Visible live phenotype of tst^b460 mutants. Neural crest-derived melanophores; see arrowheads in (A) are absent in tst^b460 mutants; see arrowheads in (B). In contrast, melanized pigmented retinal epithelial cells are present in the mutants (arrow).

Molecular consequences of sf3b1 mutations (A,B).Variant transcripts of sf3b1 in tst^b460 mutants. (A) RT-PCR products were amplified between exon1 and exon6 of sf3b1 with 20-24 hpf AB wildtype and tst^b460 homozygous mutant total RNA as template using Sf3b1aa (46)F and Sf3b1aa (579)R primers. The single AB wildtype RT-PCR product was 534 bp (tran1). tst^b460 homozygous mutants contained 4 different transcripts; tran1(534 bp), and variant transcripts tran2(412 bp), tran3(390 bp), and tran4(312 bp). (B) Diagram of variant transcripts in tst^b460 homozygous mutants. (C) Western blot analysis of Sf3b1 protein levels in wildtype, tst^b460 mutant and hi3394a mutant embryos at 24 hpf. Lane 1: wildtype embryos; Lane 2: tst^b460 homozygous mutants; Lane 3: hi3394a homozygous mutants; Lane 4: hsp>sf3b1 injected tst^b460 mutants with melanophore phenotype rescue.

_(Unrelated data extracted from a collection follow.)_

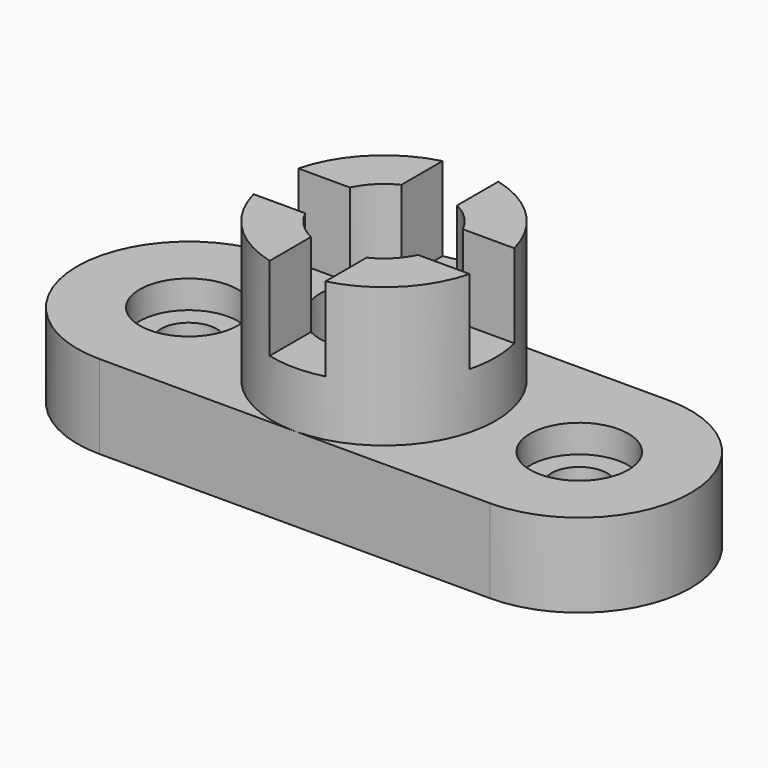
from build123d import *

# Parameters (mm, degrees)
F1_DEPTH  = 19.05
F2_R      = 11.176
F3_DEPTH  = 6.35
F4_R      = 6.35
F5_DEPTH  = 19.051
F6_R      = 25.4
F7_DEPTH  = 31.75
F8_R      = 14.351
F9_DEPTH  = 50.801
F10_W     = 12.7
F10_H     = 12.7
F11_DEPTH = 19.05
F12_DEPTH = 19.05


with BuildPart() as f1:
    # F0 (on Top) → F1 (new body)
    with BuildSketch(Plane.XY):
        with BuildLine():
            Line((44.45, 25.4), (-44.45, 25.4))
            ThreePointArc((-44.45, 25.4), (-69.85, 0), (-44.45, -25.4))
            Line((-44.45, -25.4), (44.45, -25.4))
            ThreePointArc((44.45, -25.4), (69.85, 0), (44.45, 25.4))
        make_face()
    extrude(amount=F1_DEPTH)

    # F2 (on face) → F3 (cut)
    with BuildSketch(Plane.XY.offset(19.05)):
        with Locations((-44.45, 0)):
            Circle(F2_R)
        with Locations((44.45, 0)):
            Circle(F2_R)
    extrude(amount=-F3_DEPTH, mode=Mode.SUBTRACT)

    # F4 (on face) → F5 (cut, through all)
    with BuildSketch(Plane.XY.offset(19.05)):
        with Locations((-44.45, 0)):
            Circle(F4_R)
        with Locations((44.45, 0)):
            Circle(F4_R)
    extrude(amount=-F5_DEPTH, mode=Mode.SUBTRACT)

    # F6 (on face) → F7 (join)
    with BuildSketch(Plane.XY.offset(19.05)):
        Circle(F6_R)
    extrude(amount=F7_DEPTH)

    # F8 (on face) → F9 (cut, through all)
    with BuildSketch(Plane.XY.offset(50.8)):
        Circle(F8_R)
    extrude(amount=-F9_DEPTH, mode=Mode.SUBTRACT)

    # F10 (on face) → F11 (cut)
    with BuildSketch(Plane.XY.offset(50.8)):
        with BuildLine():
            Line((-12.8696814646, 6.35), (-24.5934442484, 6.35))
            ThreePointArc((-24.5934442484, 6.35), (-25.4, 0), (-24.5934442484, -6.35))
            Line((-24.5934442484, -6.35), (-12.8696814646, -6.35))
            ThreePointArc((-12.8696814646, -6.35), (-14.351, 0), (-12.8696814646, 6.35))
        make_face()
        with BuildLine():
            ThreePointArc((6.35, 24.5934442484), (0, 25.4), (-6.35, 24.5934442484))
            Line((-6.35, 24.5934442484), (-6.35, 12.8696814646))
            ThreePointArc((-6.35, 12.8696814646), (0, 14.351), (6.35, 12.8696814646))
            Line((6.35, 12.8696814646), (6.35, 24.5934442484))
        make_face()
        Rectangle(F10_W, F10_H)
        with BuildLine():
            Line((-6.35, -12.8696814646), (-6.35, -24.5934442484))
            ThreePointArc((-6.35, -24.5934442484), (0, -25.4), (6.35, -24.5934442484))
            Line((6.35, -24.5934442484), (6.35, -12.8696814646))
            ThreePointArc((6.35, -12.8696814646), (0, -14.351), (-6.35, -12.8696814646))
        make_face()
        with BuildLine():
            ThreePointArc((25.4, 0), (25.1975542852, 3.2005090291), (24.5934442484, 6.35))
            Line((24.5934442484, 6.35), (12.8696814646, 6.35))
            ThreePointArc((12.8696814646, 6.35), (13.9757647322, 3.260245566), (14.351, 0))
            ThreePointArc((14.351, 0), (13.9757647322, -3.260245566), (12.8696814646, -6.35))
            Line((12.8696814646, -6.35), (24.5934442484, -6.35))
            ThreePointArc((24.5934442484, -6.35), (25.1975542852, -3.2005090291), (25.4, 0))
        make_face()
    extrude(amount=-F11_DEPTH, mode=Mode.SUBTRACT)

    # F10 (on face) → F12 (cut)
    with BuildSketch(Plane.XY.offset(50.8)):
        with BuildLine():
            ThreePointArc((6.35, 24.5934442484), (0, 25.4), (-6.35, 24.5934442484))
            Line((-6.35, 24.5934442484), (-6.35, 12.8696814646))
            ThreePointArc((-6.35, 12.8696814646), (0, 14.351), (6.35, 12.8696814646))
            Line((6.35, 12.8696814646), (6.35, 24.5934442484))
        make_face()
        with BuildLine():
            Line((-6.35, 12.8696814646), (-6.35, 6.35))
            Line((-6.35, 6.35), (6.35, 6.35))
            Line((6.35, 6.35), (6.35, 12.8696814646))
            ThreePointArc((6.35, 12.8696814646), (0, 14.351), (-6.35, 12.8696814646))
        make_face()
        Rectangle(F10_W, F10_H)
        with BuildLine():
            Line((6.35, -6.35), (-6.35, -6.35))
            Line((-6.35, -6.35), (-6.35, -12.8696814646))
            ThreePointArc((-6.35, -12.8696814646), (0, -14.351), (6.35, -12.8696814646))
            Line((6.35, -12.8696814646), (6.35, -6.35))
        make_face()
        with BuildLine():
            Line((-6.35, -12.8696814646), (-6.35, -24.5934442484))
            ThreePointArc((-6.35, -24.5934442484), (0, -25.4), (6.35, -24.5934442484))
            Line((6.35, -24.5934442484), (6.35, -12.8696814646))
            ThreePointArc((6.35, -12.8696814646), (0, -14.351), (-6.35, -12.8696814646))
        make_face()
    extrude(amount=-F12_DEPTH, mode=Mode.SUBTRACT)


solid = f1.part
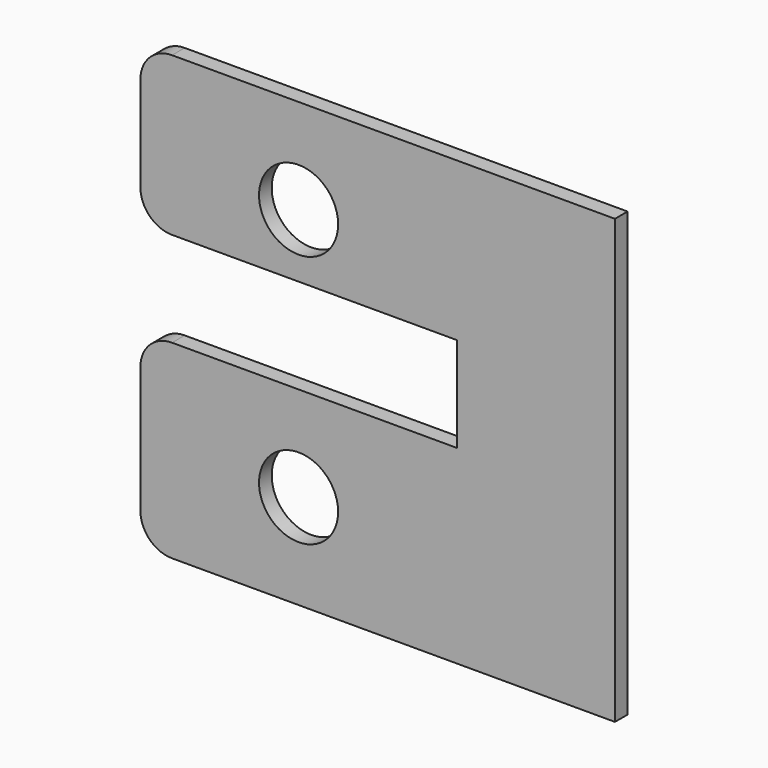
from build123d import *

# Parameters (mm, degrees)
F0_R     = 7.9375
F1_DEPTH = 3.175


# Not quite as in the source:
# - a feature names something its author has since deleted; it is built from what else it names


with BuildPart() as f1:
    # F0 (on Front) → F1 (new body)
    with BuildSketch(Plane.XZ):
        with BuildLine():
            Line((-107.95, 82.55), (-107.95, 63.5))
            ThreePointArc((-107.95, 63.5), (-106.0901280605, 59.0098719395), (-101.6, 57.15))
            Line((-101.6, 57.15), (-44.45, 57.15))
            Line((-44.45, 57.15), (-44.45, 88.9))
            Line((-44.45, 88.9), (-101.6, 88.9))
            ThreePointArc((-101.6, 88.9), (-106.0901280605, 87.0401280605), (-107.95, 82.55))
        make_face()
        with Locations((-76.2, 69.85)):
            Circle(F0_R, mode=Mode.SUBTRACT)
        Polygon((-44.45, 88.9), (-44.45, 57.15), (-44.45, 38.1), (-44.45, 0), (-12.7, 0), (-12.7, 88.9), align=None)
        with BuildLine():
            Line((-44.45, 0), (-44.45, 38.1))
            Line((-44.45, 38.1), (-101.6, 38.1))
            ThreePointArc((-101.6, 38.1), (-106.0901280605, 36.2401280605), (-107.95, 31.75))
            Line((-107.95, 31.75), (-107.95, 6.35))
            ThreePointArc((-107.95, 6.35), (-106.0901280605, 1.8598719395), (-101.6, 0))
            Line((-101.6, 0), (-95.25, 0))
            Line((-95.25, 0), (-44.45, 0))
        make_face()
        with Locations((-76.2, 19.05)):
            Circle(F0_R, mode=Mode.SUBTRACT)
    extrude(amount=F1_DEPTH)


solid = f1.part

sf3b1 gain- and loss-of-function analyses. (A,B) The tst^b460 phenotype is partially rescued by sf3b1 misexpression. (A) Melanophores are absent in uninjected tst^b460 mutant embryos. (B) tst^b460 homozygous mutant embryos were injected with hs>sf3b1 and heat-shocked 2 or 3 times (6 hpf, 10 or 11 hpf, 22 or 23 hpf), 1h/each time. Several melanophores present in the dorsal trunk region and over the yolk region in injected tstb460 mutant embryos (arrows). (C-F) Phenocopy of tstb460 mutant embryos using morpholino knockdown analysis. (C) Lateral view of a live uninjected wildtype embryo at 30 hpf. (D) Lateral view of a tst^b460 homozygous mutant at 30 hpf. (E) Lateral view of a live sf3b1MO3rd morphant showing the absence of melanophores (arrowheads) and CNS (brain) cell death at 30 hpf. (F) Lateral view of a live sf3b1MOATG morphant showing phenocopy of the tst^b460 mutant at 30 hpf. (G) The phenotype was more severe in the sf3b1MOATG injected tst^b460 mutant as compared with uninjected tst^b460 mutant, suggesting that the tst^b460 allele is hypomorphic. (H) Variant transcripts in sf3b1MO3rd morphants. Lane1 and lane2: RT-PCR product from uninjected wildtype total RNA. Lane 3 and lane 4: RT-PCR product from sf3b1MO3rd morphant total RNA. (I) Western blot analysis of Sf3b1 protein levels in uninjected wildtype embryos and sf3b1MOATG morphants at 12 hpf. Lane 1: uninjected wildtype embryos; Lane 2: sf3b1MOATG morphants. (J) Schematic diagram of different sf3b1 transcripts in sf3b1MO3rd morphants. (K) Schematic diagram of different sf3b1 transcripts in hi3394a mutants.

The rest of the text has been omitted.